- **What the task requires**
If a line in the listing below has the string "color", copy it out.
╭─ Excerpted records
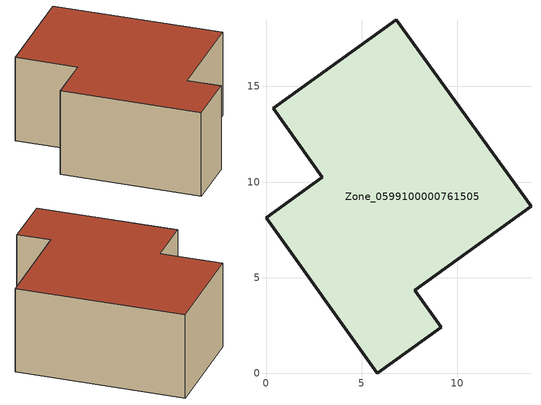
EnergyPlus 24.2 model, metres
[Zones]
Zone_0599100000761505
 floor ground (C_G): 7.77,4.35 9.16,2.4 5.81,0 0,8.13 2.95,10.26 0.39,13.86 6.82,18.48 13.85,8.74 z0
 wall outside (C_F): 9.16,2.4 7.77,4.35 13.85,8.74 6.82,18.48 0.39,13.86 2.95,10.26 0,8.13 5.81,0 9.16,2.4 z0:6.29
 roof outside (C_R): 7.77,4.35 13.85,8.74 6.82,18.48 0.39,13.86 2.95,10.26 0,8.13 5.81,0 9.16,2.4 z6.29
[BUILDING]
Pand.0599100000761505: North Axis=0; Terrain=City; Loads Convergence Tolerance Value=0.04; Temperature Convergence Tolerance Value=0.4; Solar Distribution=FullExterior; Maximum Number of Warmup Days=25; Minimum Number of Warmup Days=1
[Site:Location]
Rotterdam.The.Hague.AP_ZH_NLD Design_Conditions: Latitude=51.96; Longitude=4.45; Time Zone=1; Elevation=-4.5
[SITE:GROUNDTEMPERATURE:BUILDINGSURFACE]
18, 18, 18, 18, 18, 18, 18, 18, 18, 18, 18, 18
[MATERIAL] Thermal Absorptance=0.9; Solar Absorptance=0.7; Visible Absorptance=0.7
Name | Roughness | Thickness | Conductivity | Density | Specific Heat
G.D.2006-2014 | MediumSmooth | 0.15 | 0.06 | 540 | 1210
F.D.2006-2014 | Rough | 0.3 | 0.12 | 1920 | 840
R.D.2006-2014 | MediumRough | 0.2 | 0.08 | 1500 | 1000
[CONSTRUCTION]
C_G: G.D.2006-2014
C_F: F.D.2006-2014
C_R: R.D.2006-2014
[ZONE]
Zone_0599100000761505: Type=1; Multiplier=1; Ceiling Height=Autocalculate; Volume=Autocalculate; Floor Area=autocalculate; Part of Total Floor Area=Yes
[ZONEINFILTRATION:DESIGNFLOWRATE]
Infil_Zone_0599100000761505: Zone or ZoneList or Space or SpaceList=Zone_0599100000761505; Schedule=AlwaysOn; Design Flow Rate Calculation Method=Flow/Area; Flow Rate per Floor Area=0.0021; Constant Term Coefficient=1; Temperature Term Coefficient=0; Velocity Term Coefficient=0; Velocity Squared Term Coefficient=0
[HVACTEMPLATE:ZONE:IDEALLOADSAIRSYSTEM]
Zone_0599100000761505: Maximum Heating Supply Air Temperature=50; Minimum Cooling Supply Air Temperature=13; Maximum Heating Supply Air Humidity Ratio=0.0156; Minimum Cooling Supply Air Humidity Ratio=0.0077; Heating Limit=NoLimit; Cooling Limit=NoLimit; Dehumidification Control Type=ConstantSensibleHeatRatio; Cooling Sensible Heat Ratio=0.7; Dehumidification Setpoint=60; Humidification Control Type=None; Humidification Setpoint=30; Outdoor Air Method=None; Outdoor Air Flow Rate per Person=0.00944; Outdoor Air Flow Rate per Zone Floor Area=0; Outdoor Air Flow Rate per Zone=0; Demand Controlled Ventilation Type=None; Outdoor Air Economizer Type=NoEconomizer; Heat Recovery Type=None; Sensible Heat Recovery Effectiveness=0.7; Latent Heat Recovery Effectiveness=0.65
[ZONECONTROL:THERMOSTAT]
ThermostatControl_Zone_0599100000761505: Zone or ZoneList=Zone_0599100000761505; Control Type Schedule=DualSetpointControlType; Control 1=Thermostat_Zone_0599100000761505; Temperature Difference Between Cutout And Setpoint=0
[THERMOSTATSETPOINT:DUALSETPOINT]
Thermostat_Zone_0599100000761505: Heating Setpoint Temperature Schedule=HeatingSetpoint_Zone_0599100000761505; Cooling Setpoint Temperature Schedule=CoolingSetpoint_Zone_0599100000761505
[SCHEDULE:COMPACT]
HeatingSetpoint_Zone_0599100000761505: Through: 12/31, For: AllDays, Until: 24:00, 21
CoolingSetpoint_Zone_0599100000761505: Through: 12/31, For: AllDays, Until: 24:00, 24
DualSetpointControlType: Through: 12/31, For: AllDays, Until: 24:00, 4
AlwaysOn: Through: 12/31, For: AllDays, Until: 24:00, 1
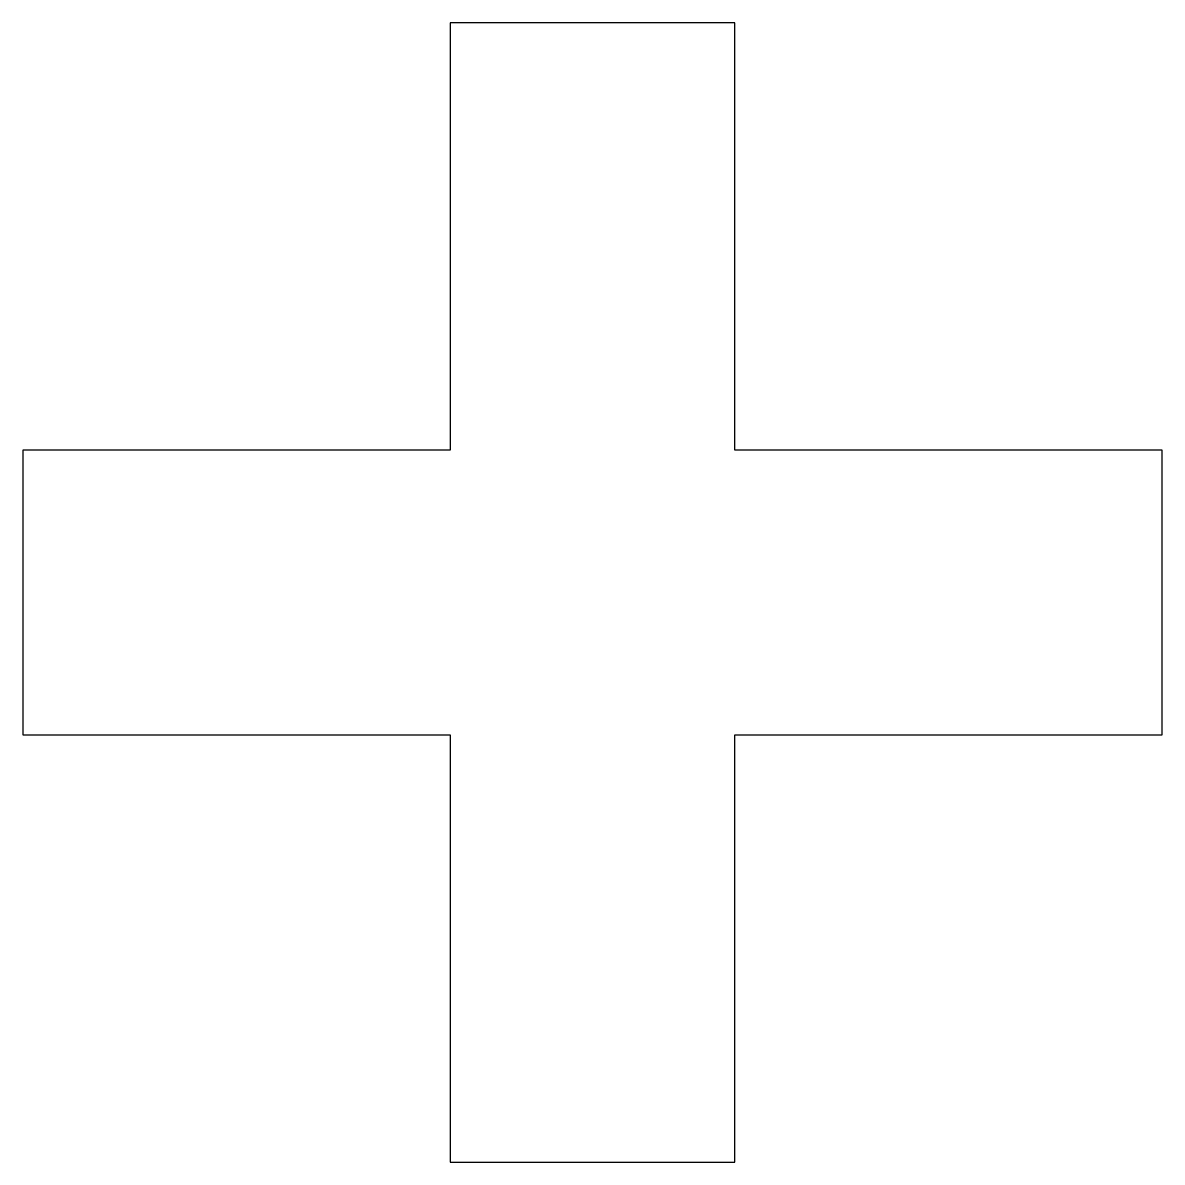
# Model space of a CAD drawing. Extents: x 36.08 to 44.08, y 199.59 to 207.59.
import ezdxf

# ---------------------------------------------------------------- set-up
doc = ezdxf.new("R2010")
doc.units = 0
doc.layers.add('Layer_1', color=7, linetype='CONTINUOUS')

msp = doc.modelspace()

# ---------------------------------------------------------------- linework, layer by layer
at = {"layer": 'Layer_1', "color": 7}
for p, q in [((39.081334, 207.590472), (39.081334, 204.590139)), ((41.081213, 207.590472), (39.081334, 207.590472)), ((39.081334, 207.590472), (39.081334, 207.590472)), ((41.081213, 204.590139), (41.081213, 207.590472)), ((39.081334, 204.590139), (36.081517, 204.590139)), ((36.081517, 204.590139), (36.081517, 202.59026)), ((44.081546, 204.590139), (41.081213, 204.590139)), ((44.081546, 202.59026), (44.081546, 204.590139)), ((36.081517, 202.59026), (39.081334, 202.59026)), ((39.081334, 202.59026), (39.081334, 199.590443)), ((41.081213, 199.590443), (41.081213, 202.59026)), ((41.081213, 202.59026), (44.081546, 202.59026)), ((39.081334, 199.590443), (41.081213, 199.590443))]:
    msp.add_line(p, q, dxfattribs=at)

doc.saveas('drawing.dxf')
╰─
- **Result of the task**
doc.layers.add('Layer_1', color=7, linetype='CONTINUOUS')
at = {"layer": 'Layer_1', "color": 7}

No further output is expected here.